Через пять лет после похорон Пастернака, в сентябре 1965 года, разнеслась весть о том, что КГБ арестовал писателей Андрея Синявского и Юлия Даниэля, печатавших за границей свои «антисоветские произведения» под псевдонимами Абрам Терц и Николай Аржак. Их книги мне были знакомы по Тамиздату, но, честно говоря, не очень нравились, и я даже предполагал, что это зарубежная мистификация. Я был ошеломлен раскрытием псевдонимов, потому что Синявский успел прекрасно зарекомендовать себя умной и благородной статьей к тому Пастернака в Большой серии «Библиотеки поэта». Автор статьи вызывал уважение своими знаниями, тонкостью вкуса, но, как мне казалось, походил на кабинетного филолога, далекого от житейских потрясений. Имя Даниэля попадалось изредка, да и то лишь под переводами. Однако я слышал, что он ушел на войну юнцом и перенес тяжелое ранение, а чувство должника перед фронтовиками у меня было с детства.
По себе зная, как легко у нас наклеивают ярлыки и как политические обвинения превращаются в стремительно катящийся и разрастающийся снежный ком, я обратился к секретарю ЦК П.Н. Демичеву с просьбой ни в коем случае не заводить уголовного дела. Но он мне сказал, что сам пытался уговорить первого секретаря Союза писателей Константина Федина, чтобы союз взял Синявского и Даниэля на поруки.
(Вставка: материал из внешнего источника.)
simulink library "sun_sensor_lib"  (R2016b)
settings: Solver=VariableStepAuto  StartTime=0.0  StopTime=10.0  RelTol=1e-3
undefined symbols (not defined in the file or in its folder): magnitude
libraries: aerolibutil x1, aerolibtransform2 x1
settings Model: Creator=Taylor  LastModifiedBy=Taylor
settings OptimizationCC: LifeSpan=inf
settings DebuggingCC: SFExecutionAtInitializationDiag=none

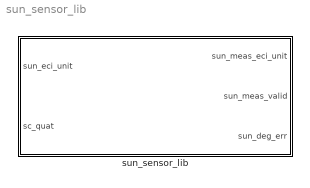
== system sun_sensor_lib ==
  "sun_sensor_lib " : Subsystem

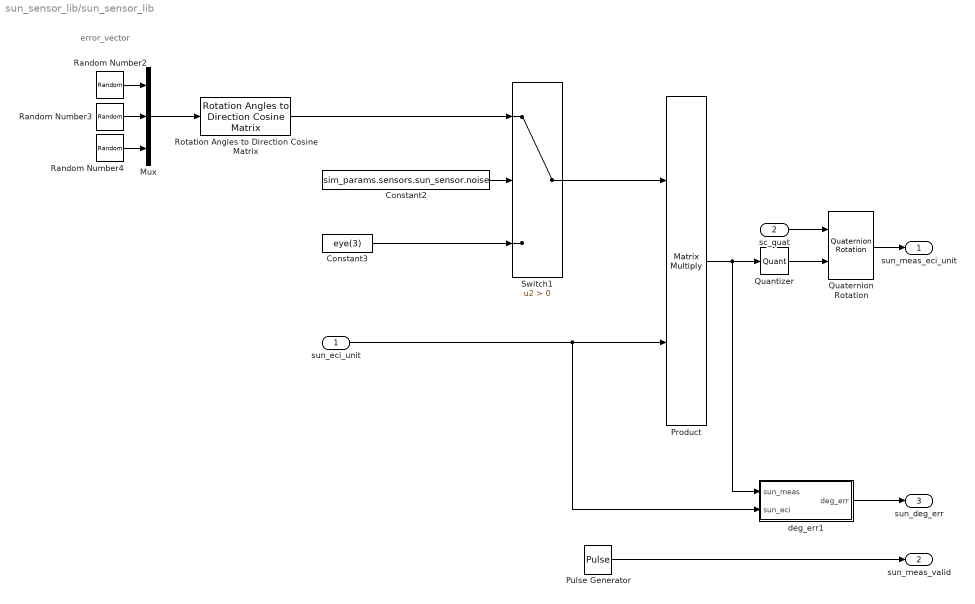
== system sun_sensor_lib/sun_sensor_lib  ==
  note: error_vector
  sun_eci_unit : Inport
  sc_quat : Inport  Port=2
  Constant2 : Constant  Value=sim_params.sensors.sun_sensor.noise
  Constant3 : Constant  Value=eye(3)
  Mux : Mux  Inputs=3
  Product : Product  Multiplication=Matrix(*)  RndMeth=Zero
  Pulse Generator : DiscretePulseGenerator  PulseType=Time based  Period=10  PulseWidth=sim_params.sensors.sun_sensor.valid_pct
  Quantizer : Quantizer  QuantizationInterval=sim_params.sensors.sun_sensor.resolution
  Quaternion Rotation : aerolibutil/Quaternion Rotation
  Random Number2 : RandomNumber  Variance=sim_params.sensors.sun_sensor.varx  SampleTime=sim_params.sensors.sun_sensor.sample_time_s
  Random Number3 : RandomNumber  Variance=sim_params.sensors.sun_sensor.vary  Seed=1  SampleTime=sim_params.sensors.sun_sensor.sample_time_s
  Random Number4 : RandomNumber  Variance=sim_params.sensors.sun_sensor.varz  Seed=2  SampleTime=sim_params.sensors.sun_sensor.sample_time_s
  Rotation Angles to Direction Cosine Matrix : aerolibtransform2/Rotation Angles to Direction Cosine Matrix  rotationOrder=ZYX
  Switch1 : Switch  Criteria=u2 > Threshold
  deg_err1 : Subsystem
  sun_meas_eci_unit : Outport
  sun_meas_valid : Outport  Port=2
  sun_deg_err : Outport  Port=3
  wires:
  Quaternion Rotation/1 -> sun_meas_eci_unit/1
  sc_quat/1 -> Quaternion Rotation/1
  Pulse Generator/1 -> sun_meas_valid/1
  Constant2/1 -> Switch1/2
  Constant3/1 -> Switch1/3
  Switch1/1 -> Product/1
  sun_eci_unit/1 -> deg_err1/2(sun_eci), Product/2
  Rotation Angles to Direction Cosine Matrix/1 -> Switch1/1
  Product/1 -> deg_err1/1(sun_meas), Quantizer/1
  Quantizer/1 -> Quaternion Rotation/2
  Mux/1 -> Rotation Angles to Direction Cosine Matrix/1
  Random Number3/1 -> Mux/2
  Random Number2/1 -> Mux/1
  Random Number4/1 -> Mux/3
  deg_err1/1(deg_err) -> sun_deg_err/1

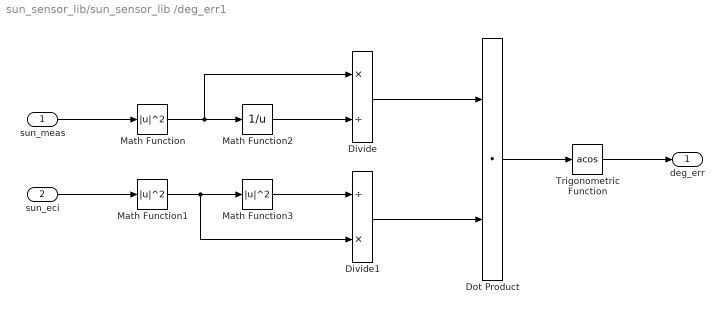
== system sun_sensor_lib/sun_sensor_lib /deg_err1 ==
  sun_meas : Inport
  sun_eci : Inport  Port=2
  Divide : Product  Inputs=*/
  Divide1 : Product  Inputs=/*
  Dot Product : DotProduct  InputSameDT=on  OutDataTypeStr=Inherit: Inherit via internal rule
  Math Function : Math  Operator=magnitude^2  SaturateOnIntegerOverflow=on
  Math Function1 : Math  Operator=magnitude^2  SaturateOnIntegerOverflow=on
  Math Function2 : Math  Operator=reciprocal  SaturateOnIntegerOverflow=on
  Math Function3 : Math  Operator=magnitude^2  SaturateOnIntegerOverflow=on
  Trigonometric Function : Trigonometry  Operator=acos
  deg_err : Outport
  wires:
  Trigonometric Function/1 -> deg_err/1
  Dot Product/1 -> Trigonometric Function/1
  Divide1/1 -> Dot Product/2
  Math Function1/1 -> Math Function3/1, Divide1/2
  Math Function3/1 -> Divide1/1
  sun_eci/1 -> Math Function1/1
  Divide/1 -> Dot Product/1
  Math Function2/1 -> Divide/2
  Math Function/1 -> Math Function2/1, Divide/1
  sun_meas/1 -> Math Function/1

Однако Федин, которого Юрий Олеша метко окрестил «чучелом орла», замахал руками: «Нет, мы не будем пачкаться, только уголовный суд, только уголовный...»
Вместе с другими заступниками Синявского и Даниэля я получил приглашение на этот суд. Очевидно, нам хотели предъявить ничтожных и сломленных людей, вина которых будет очевидна. Организаторы расправы помнили, как почти поголовно во всем признавались, наговаривали на себя и каялись подсудимые на процессах сталинских времен, и надеялись, что нынешние жертвы, парализованные генетическим страхом, точно так же будут растерянно оправдываться и потеряют героический ореол мучеников. Но обвинители растерялись сами.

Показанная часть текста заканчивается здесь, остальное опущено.